====== DATA EXTRACTS ======
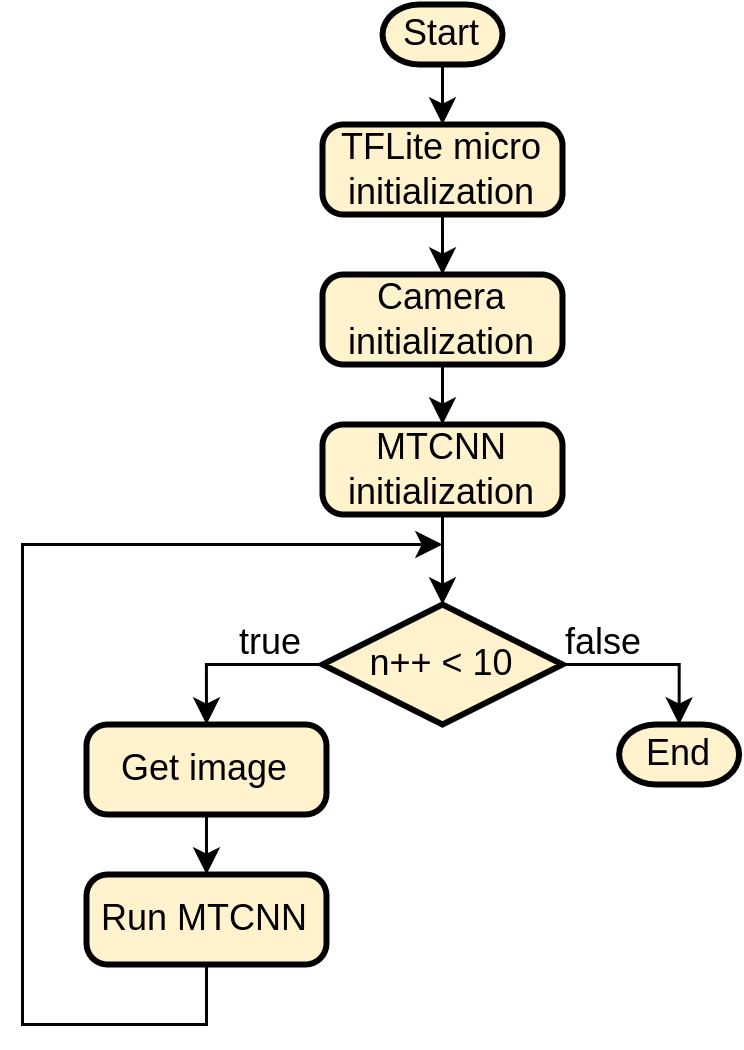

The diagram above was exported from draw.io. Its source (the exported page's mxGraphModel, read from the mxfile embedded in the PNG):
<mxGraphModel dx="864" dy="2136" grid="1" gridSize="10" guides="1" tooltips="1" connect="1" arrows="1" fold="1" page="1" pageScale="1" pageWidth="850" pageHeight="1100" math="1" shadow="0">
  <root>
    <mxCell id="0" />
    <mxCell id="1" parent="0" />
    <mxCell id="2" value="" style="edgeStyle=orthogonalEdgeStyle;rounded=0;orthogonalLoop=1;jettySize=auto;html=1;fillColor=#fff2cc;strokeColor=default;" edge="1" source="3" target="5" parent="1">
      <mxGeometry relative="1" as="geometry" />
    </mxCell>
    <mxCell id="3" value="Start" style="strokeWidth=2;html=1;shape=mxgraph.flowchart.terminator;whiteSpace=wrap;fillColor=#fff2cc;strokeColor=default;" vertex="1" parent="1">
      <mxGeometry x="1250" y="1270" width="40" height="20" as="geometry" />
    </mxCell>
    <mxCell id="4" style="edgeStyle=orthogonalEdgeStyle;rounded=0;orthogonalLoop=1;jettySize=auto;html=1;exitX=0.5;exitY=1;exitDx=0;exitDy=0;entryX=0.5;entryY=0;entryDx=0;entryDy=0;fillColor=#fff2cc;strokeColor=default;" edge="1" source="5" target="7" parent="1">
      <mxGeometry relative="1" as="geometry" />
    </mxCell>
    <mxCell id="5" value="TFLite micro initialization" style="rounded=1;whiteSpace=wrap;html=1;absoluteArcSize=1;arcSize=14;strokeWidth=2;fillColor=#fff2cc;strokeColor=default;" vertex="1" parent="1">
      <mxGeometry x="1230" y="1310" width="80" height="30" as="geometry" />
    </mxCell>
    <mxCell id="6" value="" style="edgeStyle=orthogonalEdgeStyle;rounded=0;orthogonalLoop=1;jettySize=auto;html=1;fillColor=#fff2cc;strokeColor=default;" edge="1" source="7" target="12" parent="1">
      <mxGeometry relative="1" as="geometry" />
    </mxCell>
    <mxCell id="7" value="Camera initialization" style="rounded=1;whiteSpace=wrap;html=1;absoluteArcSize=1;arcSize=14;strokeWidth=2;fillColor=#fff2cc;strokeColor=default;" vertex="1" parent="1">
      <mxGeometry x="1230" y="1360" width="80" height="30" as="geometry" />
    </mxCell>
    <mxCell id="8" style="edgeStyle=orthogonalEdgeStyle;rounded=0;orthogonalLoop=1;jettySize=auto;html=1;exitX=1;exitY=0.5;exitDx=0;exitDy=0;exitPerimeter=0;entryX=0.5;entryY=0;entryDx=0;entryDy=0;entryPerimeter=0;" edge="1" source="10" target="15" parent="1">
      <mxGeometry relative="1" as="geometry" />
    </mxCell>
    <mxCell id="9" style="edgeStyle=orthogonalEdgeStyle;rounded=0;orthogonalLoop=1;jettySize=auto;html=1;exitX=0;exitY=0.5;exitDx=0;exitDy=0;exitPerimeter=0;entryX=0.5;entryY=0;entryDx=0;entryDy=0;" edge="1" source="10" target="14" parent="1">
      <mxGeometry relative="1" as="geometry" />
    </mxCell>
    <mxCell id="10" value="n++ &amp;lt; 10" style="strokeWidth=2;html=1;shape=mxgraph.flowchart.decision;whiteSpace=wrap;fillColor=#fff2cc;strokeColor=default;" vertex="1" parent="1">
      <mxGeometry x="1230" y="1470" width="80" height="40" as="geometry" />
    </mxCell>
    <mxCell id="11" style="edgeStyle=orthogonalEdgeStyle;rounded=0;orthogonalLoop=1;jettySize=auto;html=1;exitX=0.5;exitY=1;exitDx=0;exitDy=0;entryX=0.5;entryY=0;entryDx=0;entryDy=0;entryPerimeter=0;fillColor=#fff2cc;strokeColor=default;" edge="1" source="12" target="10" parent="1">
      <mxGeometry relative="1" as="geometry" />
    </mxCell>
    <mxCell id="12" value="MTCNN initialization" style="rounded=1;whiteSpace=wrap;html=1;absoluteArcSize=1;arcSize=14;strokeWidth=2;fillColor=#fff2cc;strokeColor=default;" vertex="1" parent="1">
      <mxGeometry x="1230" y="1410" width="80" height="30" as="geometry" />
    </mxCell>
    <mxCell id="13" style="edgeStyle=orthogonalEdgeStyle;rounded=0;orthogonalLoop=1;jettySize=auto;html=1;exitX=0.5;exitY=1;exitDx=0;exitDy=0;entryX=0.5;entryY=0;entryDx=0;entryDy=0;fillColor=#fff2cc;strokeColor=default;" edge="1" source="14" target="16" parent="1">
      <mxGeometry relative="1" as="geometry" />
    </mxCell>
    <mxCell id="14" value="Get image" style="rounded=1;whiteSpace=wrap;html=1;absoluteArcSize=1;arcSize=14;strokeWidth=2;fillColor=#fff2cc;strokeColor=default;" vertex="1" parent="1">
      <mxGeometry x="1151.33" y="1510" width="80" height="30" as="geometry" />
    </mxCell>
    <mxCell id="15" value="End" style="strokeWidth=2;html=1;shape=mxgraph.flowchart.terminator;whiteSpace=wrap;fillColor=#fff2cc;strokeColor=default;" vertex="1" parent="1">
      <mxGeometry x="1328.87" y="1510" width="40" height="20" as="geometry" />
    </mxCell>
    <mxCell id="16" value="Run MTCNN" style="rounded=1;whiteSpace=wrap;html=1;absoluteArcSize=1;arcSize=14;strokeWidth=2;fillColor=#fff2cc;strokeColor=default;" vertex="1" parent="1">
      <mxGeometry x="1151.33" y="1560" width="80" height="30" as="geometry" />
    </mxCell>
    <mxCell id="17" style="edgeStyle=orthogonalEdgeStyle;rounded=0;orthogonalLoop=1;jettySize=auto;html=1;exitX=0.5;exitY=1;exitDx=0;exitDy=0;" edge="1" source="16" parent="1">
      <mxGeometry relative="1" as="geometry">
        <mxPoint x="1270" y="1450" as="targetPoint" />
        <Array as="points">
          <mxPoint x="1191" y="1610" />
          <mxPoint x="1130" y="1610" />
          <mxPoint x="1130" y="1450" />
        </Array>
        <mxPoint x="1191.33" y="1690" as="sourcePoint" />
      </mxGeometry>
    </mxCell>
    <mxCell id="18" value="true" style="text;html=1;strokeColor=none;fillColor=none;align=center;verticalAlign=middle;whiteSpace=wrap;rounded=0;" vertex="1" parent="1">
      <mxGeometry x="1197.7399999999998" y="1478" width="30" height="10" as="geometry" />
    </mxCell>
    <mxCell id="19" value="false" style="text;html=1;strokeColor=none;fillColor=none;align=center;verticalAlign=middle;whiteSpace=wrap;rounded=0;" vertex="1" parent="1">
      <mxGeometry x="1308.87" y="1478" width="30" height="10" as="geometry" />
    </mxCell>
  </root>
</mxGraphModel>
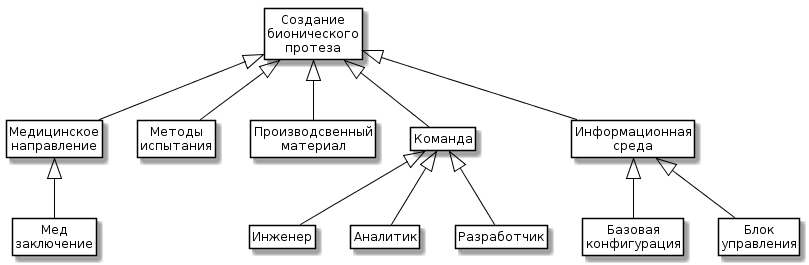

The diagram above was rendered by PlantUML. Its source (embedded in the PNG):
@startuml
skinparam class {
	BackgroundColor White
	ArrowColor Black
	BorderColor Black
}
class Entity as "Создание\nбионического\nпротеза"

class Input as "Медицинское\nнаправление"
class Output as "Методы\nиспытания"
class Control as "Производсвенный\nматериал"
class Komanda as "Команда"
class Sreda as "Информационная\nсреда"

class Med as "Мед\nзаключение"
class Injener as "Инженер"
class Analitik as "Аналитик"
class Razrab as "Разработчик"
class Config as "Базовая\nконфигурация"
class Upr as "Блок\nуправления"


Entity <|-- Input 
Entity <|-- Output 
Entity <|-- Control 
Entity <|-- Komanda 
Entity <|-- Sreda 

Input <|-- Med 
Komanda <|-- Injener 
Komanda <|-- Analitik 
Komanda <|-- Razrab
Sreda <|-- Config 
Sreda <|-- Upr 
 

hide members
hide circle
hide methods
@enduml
======
Reproduce every record verbatim, please. Omit the images.

■ TASK ANSWER:
The diagram above was exported from draw.io. Its source (the exported page's mxGraphModel, read from the mxfile embedded in the PNG):
<mxGraphModel dx="864" dy="2136" grid="1" gridSize="10" guides="1" tooltips="1" connect="1" arrows="1" fold="1" page="1" pageScale="1" pageWidth="850" pageHeight="1100" math="1" shadow="0">
  <root>
    <mxCell id="0" />
    <mxCell id="1" parent="0" />
    <mxCell id="2" value="" style="edgeStyle=orthogonalEdgeStyle;rounded=0;orthogonalLoop=1;jettySize=auto;html=1;fillColor=#fff2cc;strokeColor=default;" edge="1" source="3" target="5" parent="1">
      <mxGeometry relative="1" as="geometry" />
    </mxCell>
    <mxCell id="3" value="Start" style="strokeWidth=2;html=1;shape=mxgraph.flowchart.terminator;whiteSpace=wrap;fillColor=#fff2cc;strokeColor=default;" vertex="1" parent="1">
      <mxGeometry x="1250" y="1270" width="40" height="20" as="geometry" />
    </mxCell>
    <mxCell id="4" style="edgeStyle=orthogonalEdgeStyle;rounded=0;orthogonalLoop=1;jettySize=auto;html=1;exitX=0.5;exitY=1;exitDx=0;exitDy=0;entryX=0.5;entryY=0;entryDx=0;entryDy=0;fillColor=#fff2cc;strokeColor=default;" edge="1" source="5" target="7" parent="1">
      <mxGeometry relative="1" as="geometry" />
    </mxCell>
    <mxCell id="5" value="TFLite micro initialization" style="rounded=1;whiteSpace=wrap;html=1;absoluteArcSize=1;arcSize=14;strokeWidth=2;fillColor=#fff2cc;strokeColor=default;" vertex="1" parent="1">
      <mxGeometry x="1230" y="1310" width="80" height="30" as="geometry" />
    </mxCell>
    <mxCell id="6" value="" style="edgeStyle=orthogonalEdgeStyle;rounded=0;orthogonalLoop=1;jettySize=auto;html=1;fillColor=#fff2cc;strokeColor=default;" edge="1" source="7" target="12" parent="1">
      <mxGeometry relative="1" as="geometry" />
    </mxCell>
    <mxCell id="7" value="Camera initialization" style="rounded=1;whiteSpace=wrap;html=1;absoluteArcSize=1;arcSize=14;strokeWidth=2;fillColor=#fff2cc;strokeColor=default;" vertex="1" parent="1">
      <mxGeometry x="1230" y="1360" width="80" height="30" as="geometry" />
    </mxCell>
    <mxCell id="8" style="edgeStyle=orthogonalEdgeStyle;rounded=0;orthogonalLoop=1;jettySize=auto;html=1;exitX=1;exitY=0.5;exitDx=0;exitDy=0;exitPerimeter=0;entryX=0.5;entryY=0;entryDx=0;entryDy=0;entryPerimeter=0;" edge="1" source="10" target="15" parent="1">
      <mxGeometry relative="1" as="geometry" />
    </mxCell>
    <mxCell id="9" style="edgeStyle=orthogonalEdgeStyle;rounded=0;orthogonalLoop=1;jettySize=auto;html=1;exitX=0;exitY=0.5;exitDx=0;exitDy=0;exitPerimeter=0;entryX=0.5;entryY=0;entryDx=0;entryDy=0;" edge="1" source="10" target="14" parent="1">
      <mxGeometry relative="1" as="geometry" />
    </mxCell>
    <mxCell id="10" value="n++ &amp;lt; 10" style="strokeWidth=2;html=1;shape=mxgraph.flowchart.decision;whiteSpace=wrap;fillColor=#fff2cc;strokeColor=default;" vertex="1" parent="1">
      <mxGeometry x="1230" y="1470" width="80" height="40" as="geometry" />
    </mxCell>
    <mxCell id="11" style="edgeStyle=orthogonalEdgeStyle;rounded=0;orthogonalLoop=1;jettySize=auto;html=1;exitX=0.5;exitY=1;exitDx=0;exitDy=0;entryX=0.5;entryY=0;entryDx=0;entryDy=0;entryPerimeter=0;fillColor=#fff2cc;strokeColor=default;" edge="1" source="12" target="10" parent="1">
      <mxGeometry relative="1" as="geometry" />
    </mxCell>
    <mxCell id="12" value="MTCNN initialization" style="rounded=1;whiteSpace=wrap;html=1;absoluteArcSize=1;arcSize=14;strokeWidth=2;fillColor=#fff2cc;strokeColor=default;" vertex="1" parent="1">
      <mxGeometry x="1230" y="1410" width="80" height="30" as="geometry" />
    </mxCell>
    <mxCell id="13" style="edgeStyle=orthogonalEdgeStyle;rounded=0;orthogonalLoop=1;jettySize=auto;html=1;exitX=0.5;exitY=1;exitDx=0;exitDy=0;entryX=0.5;entryY=0;entryDx=0;entryDy=0;fillColor=#fff2cc;strokeColor=default;" edge="1" source="14" target="16" parent="1">
      <mxGeometry relative="1" as="geometry" />
    </mxCell>
    <mxCell id="14" value="Get image" style="rounded=1;whiteSpace=wrap;html=1;absoluteArcSize=1;arcSize=14;strokeWidth=2;fillColor=#fff2cc;strokeColor=default;" vertex="1" parent="1">
      <mxGeometry x="1151.33" y="1510" width="80" height="30" as="geometry" />
    </mxCell>
    <mxCell id="15" value="End" style="strokeWidth=2;html=1;shape=mxgraph.flowchart.terminator;whiteSpace=wrap;fillColor=#fff2cc;strokeColor=default;" vertex="1" parent="1">
      <mxGeometry x="1328.87" y="1510" width="40" height="20" as="geometry" />
    </mxCell>
    <mxCell id="16" value="Run MTCNN" style="rounded=1;whiteSpace=wrap;html=1;absoluteArcSize=1;arcSize=14;strokeWidth=2;fillColor=#fff2cc;strokeColor=default;" vertex="1" parent="1">
      <mxGeometry x="1151.33" y="1560" width="80" height="30" as="geometry" />
    </mxCell>
    <mxCell id="17" style="edgeStyle=orthogonalEdgeStyle;rounded=0;orthogonalLoop=1;jettySize=auto;html=1;exitX=0.5;exitY=1;exitDx=0;exitDy=0;" edge="1" source="16" parent="1">
      <mxGeometry relative="1" as="geometry">
        <mxPoint x="1270" y="1450" as="targetPoint" />
        <Array as="points">
          <mxPoint x="1191" y="1610" />
          <mxPoint x="1130" y="1610" />
          <mxPoint x="1130" y="1450" />
        </Array>
        <mxPoint x="1191.33" y="1690" as="sourcePoint" />
      </mxGeometry>
    </mxCell>
    <mxCell id="18" value="true" style="text;html=1;strokeColor=none;fillColor=none;align=center;verticalAlign=middle;whiteSpace=wrap;rounded=0;" vertex="1" parent="1">
      <mxGeometry x="1197.7399999999998" y="1478" width="30" height="10" as="geometry" />
    </mxCell>
    <mxCell id="19" value="false" style="text;html=1;strokeColor=none;fillColor=none;align=center;verticalAlign=middle;whiteSpace=wrap;rounded=0;" vertex="1" parent="1">
      <mxGeometry x="1308.87" y="1478" width="30" height="10" as="geometry" />
    </mxCell>
  </root>
</mxGraphModel>

The diagram above was rendered by PlantUML. Its source (embedded in the PNG):
@startuml
skinparam class {
	BackgroundColor White
	ArrowColor Black
	BorderColor Black
}
class Entity as "Создание\nбионического\nпротеза"

class Input as "Медицинское\nнаправление"
class Output as "Методы\nиспытания"
class Control as "Производсвенный\nматериал"
class Komanda as "Команда"
class Sreda as "Информационная\nсреда"

class Med as "Мед\nзаключение"
class Injener as "Инженер"
class Analitik as "Аналитик"
class Razrab as "Разработчик"
class Config as "Базовая\nконфигурация"
class Upr as "Блок\nуправления"


Entity <|-- Input 
Entity <|-- Output 
Entity <|-- Control 
Entity <|-- Komanda 
Entity <|-- Sreda 

Input <|-- Med 
Komanda <|-- Injener 
Komanda <|-- Analitik 
Komanda <|-- Razrab
Sreda <|-- Config 
Sreda <|-- Upr 
 

hide members
hide circle
hide methods
@enduml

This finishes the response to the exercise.